→ **THE INPUT**
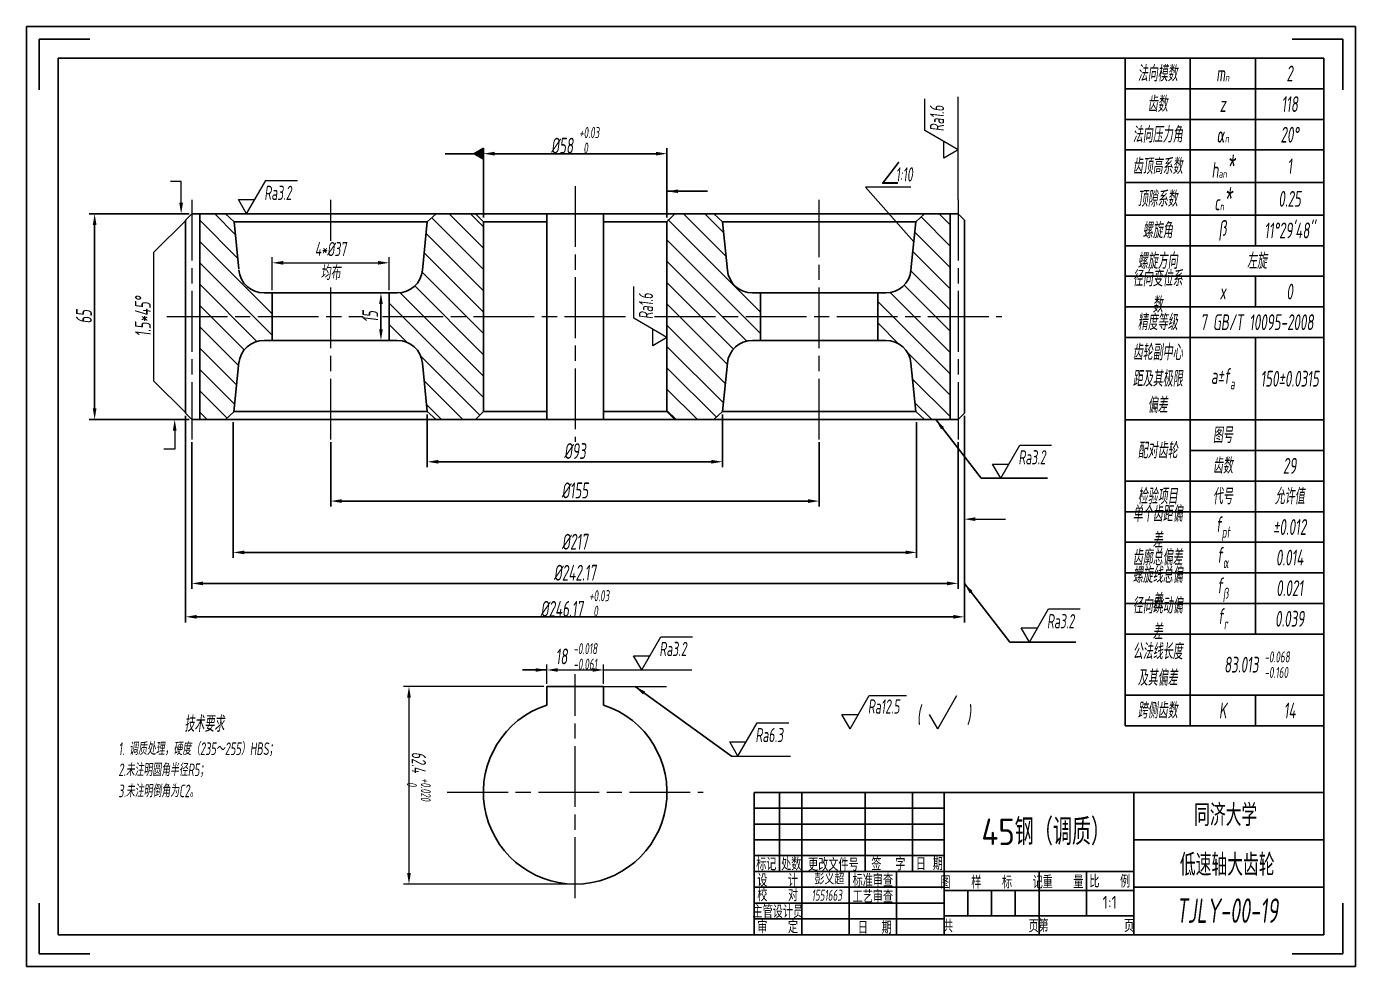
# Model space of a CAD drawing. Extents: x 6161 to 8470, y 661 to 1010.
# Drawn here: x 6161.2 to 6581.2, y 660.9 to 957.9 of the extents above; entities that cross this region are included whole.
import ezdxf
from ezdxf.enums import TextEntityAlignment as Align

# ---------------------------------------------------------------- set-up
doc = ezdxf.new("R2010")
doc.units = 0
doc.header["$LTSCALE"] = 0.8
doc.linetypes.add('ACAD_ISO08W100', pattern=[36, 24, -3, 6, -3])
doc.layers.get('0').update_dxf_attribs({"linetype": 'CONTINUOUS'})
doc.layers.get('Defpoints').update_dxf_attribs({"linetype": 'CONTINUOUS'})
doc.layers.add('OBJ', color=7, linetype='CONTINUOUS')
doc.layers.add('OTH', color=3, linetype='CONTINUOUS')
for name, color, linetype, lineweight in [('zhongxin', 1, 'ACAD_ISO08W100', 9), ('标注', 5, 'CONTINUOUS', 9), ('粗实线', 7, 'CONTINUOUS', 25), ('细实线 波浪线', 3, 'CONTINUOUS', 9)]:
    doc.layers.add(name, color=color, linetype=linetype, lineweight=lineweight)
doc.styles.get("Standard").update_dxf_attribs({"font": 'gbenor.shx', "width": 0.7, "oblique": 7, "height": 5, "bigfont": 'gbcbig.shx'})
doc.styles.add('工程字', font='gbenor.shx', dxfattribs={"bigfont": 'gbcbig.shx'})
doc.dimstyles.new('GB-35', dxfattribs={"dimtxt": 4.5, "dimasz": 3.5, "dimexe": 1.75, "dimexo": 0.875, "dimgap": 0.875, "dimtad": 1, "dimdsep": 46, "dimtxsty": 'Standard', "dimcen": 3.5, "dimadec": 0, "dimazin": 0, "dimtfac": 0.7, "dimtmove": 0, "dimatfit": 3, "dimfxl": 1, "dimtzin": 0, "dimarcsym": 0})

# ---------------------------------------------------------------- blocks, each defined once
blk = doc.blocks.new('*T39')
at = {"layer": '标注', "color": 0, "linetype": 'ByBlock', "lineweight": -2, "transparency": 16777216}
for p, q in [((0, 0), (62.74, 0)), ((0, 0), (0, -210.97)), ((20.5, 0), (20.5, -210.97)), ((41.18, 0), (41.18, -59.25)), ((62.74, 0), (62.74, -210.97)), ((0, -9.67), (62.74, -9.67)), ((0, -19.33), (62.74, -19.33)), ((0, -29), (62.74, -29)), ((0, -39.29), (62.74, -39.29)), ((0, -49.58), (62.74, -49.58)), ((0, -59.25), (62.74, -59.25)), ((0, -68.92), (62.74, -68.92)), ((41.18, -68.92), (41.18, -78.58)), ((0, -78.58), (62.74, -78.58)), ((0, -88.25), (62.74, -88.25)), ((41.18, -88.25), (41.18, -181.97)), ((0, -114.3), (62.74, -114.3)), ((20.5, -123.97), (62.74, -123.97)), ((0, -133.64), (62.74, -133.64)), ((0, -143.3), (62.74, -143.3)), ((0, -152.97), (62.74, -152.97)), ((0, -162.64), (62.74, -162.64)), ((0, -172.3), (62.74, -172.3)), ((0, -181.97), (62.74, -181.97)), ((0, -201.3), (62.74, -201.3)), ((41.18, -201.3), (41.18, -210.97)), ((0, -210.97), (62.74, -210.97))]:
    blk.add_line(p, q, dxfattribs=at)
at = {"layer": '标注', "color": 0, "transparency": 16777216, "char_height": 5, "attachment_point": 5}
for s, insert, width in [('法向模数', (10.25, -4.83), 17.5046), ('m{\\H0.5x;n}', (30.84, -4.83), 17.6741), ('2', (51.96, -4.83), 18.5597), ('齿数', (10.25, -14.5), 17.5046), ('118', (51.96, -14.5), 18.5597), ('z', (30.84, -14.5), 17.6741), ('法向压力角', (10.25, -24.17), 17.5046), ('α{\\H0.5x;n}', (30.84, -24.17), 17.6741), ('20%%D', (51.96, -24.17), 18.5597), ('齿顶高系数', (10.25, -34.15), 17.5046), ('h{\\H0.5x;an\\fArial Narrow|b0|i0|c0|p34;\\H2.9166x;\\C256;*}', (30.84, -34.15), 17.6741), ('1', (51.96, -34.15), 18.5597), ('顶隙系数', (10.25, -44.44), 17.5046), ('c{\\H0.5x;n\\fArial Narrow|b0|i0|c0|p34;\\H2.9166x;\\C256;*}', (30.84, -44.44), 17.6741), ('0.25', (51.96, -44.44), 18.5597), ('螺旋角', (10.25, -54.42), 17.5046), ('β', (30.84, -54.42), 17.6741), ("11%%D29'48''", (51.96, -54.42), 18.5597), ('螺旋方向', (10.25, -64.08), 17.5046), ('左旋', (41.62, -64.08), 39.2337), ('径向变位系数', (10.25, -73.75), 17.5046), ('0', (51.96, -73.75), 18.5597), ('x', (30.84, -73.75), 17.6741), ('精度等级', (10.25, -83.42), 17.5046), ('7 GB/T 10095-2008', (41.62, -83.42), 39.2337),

→ **WHAT TO DO**
Set down the entries shown above once more, exactly as they read, but without pictures.

→ **EXPECTED OUTPUT**
# Model space of a CAD drawing. Extents: x 6161 to 8470, y 661 to 1010.
# Drawn here: x 6161.2 to 6581.2, y 660.9 to 957.9 of the extents above; entities that cross this region are included whole.
import ezdxf
from ezdxf.enums import TextEntityAlignment as Align

# ---------------------------------------------------------------- set-up
doc = ezdxf.new("R2010")
doc.units = 0
doc.header["$LTSCALE"] = 0.8
doc.linetypes.add('ACAD_ISO08W100', pattern=[36, 24, -3, 6, -3])
doc.layers.get('0').update_dxf_attribs({"linetype": 'CONTINUOUS'})
doc.layers.get('Defpoints').update_dxf_attribs({"linetype": 'CONTINUOUS'})
doc.layers.add('OBJ', color=7, linetype='CONTINUOUS')
doc.layers.add('OTH', color=3, linetype='CONTINUOUS')
for name, color, linetype, lineweight in [('zhongxin', 1, 'ACAD_ISO08W100', 9), ('标注', 5, 'CONTINUOUS', 9), ('粗实线', 7, 'CONTINUOUS', 25), ('细实线 波浪线', 3, 'CONTINUOUS', 9)]:
    doc.layers.add(name, color=color, linetype=linetype, lineweight=lineweight)
doc.styles.get("Standard").update_dxf_attribs({"font": 'gbenor.shx', "width": 0.7, "oblique": 7, "height": 5, "bigfont": 'gbcbig.shx'})
doc.styles.add('工程字', font='gbenor.shx', dxfattribs={"bigfont": 'gbcbig.shx'})
doc.dimstyles.new('GB-35', dxfattribs={"dimtxt": 4.5, "dimasz": 3.5, "dimexe": 1.75, "dimexo": 0.875, "dimgap": 0.875, "dimtad": 1, "dimdsep": 46, "dimtxsty": 'Standard', "dimcen": 3.5, "dimadec": 0, "dimazin": 0, "dimtfac": 0.7, "dimtmove": 0, "dimatfit": 3, "dimfxl": 1, "dimtzin": 0, "dimarcsym": 0})

# ---------------------------------------------------------------- blocks, each defined once
blk = doc.blocks.new('*T39')
at = {"layer": '标注', "color": 0, "linetype": 'ByBlock', "lineweight": -2, "transparency": 16777216}
for p, q in [((0, 0), (62.74, 0)), ((0, 0), (0, -210.97)), ((20.5, 0), (20.5, -210.97)), ((41.18, 0), (41.18, -59.25)), ((62.74, 0), (62.74, -210.97)), ((0, -9.67), (62.74, -9.67)), ((0, -19.33), (62.74, -19.33)), ((0, -29), (62.74, -29)), ((0, -39.29), (62.74, -39.29)), ((0, -49.58), (62.74, -49.58)), ((0, -59.25), (62.74, -59.25)), ((0, -68.92), (62.74, -68.92)), ((41.18, -68.92), (41.18, -78.58)), ((0, -78.58), (62.74, -78.58)), ((0, -88.25), (62.74, -88.25)), ((41.18, -88.25), (41.18, -181.97)), ((0, -114.3), (62.74, -114.3)), ((20.5, -123.97), (62.74, -123.97)), ((0, -133.64), (62.74, -133.64)), ((0, -143.3), (62.74, -143.3)), ((0, -152.97), (62.74, -152.97)), ((0, -162.64), (62.74, -162.64)), ((0, -172.3), (62.74, -172.3)), ((0, -181.97), (62.74, -181.97)), ((0, -201.3), (62.74, -201.3)), ((41.18, -201.3), (41.18, -210.97)), ((0, -210.97), (62.74, -210.97))]:
    blk.add_line(p, q, dxfattribs=at)
at = {"layer": '标注', "color": 0, "transparency": 16777216, "char_height": 5, "attachment_point": 5}
for s, insert, width in [('法向模数', (10.25, -4.83), 17.5046), ('m{\\H0.5x;n}', (30.84, -4.83), 17.6741), ('2', (51.96, -4.83), 18.5597), ('齿数', (10.25, -14.5), 17.5046), ('118', (51.96, -14.5), 18.5597), ('z', (30.84, -14.5), 17.6741), ('法向压力角', (10.25, -24.17), 17.5046), ('α{\\H0.5x;n}', (30.84, -24.17), 17.6741), ('20%%D', (51.96, -24.17), 18.5597), ('齿顶高系数', (10.25, -34.15), 17.5046), ('h{\\H0.5x;an\\fArial Narrow|b0|i0|c0|p34;\\H2.9166x;\\C256;*}', (30.84, -34.15), 17.6741), ('1', (51.96, -34.15), 18.5597), ('顶隙系数', (10.25, -44.44), 17.5046), ('c{\\H0.5x;n\\fArial Narrow|b0|i0|c0|p34;\\H2.9166x;\\C256;*}', (30.84, -44.44), 17.6741), ('0.25', (51.96, -44.44), 18.5597), ('螺旋角', (10.25, -54.42), 17.5046), ('β', (30.84, -54.42), 17.6741), ("11%%D29'48''", (51.96, -54.42), 18.5597), ('螺旋方向', (10.25, -64.08), 17.5046), ('左旋', (41.62, -64.08), 39.2337), ('径向变位系数', (10.25, -73.75), 17.5046), ('0', (51.96, -73.75), 18.5597), ('x', (30.84, -73.75), 17.6741), ('精度等级', (10.25, -83.42), 17.5046), ('7 GB/T 10095-2008', (41.62, -83.42), 39.2337),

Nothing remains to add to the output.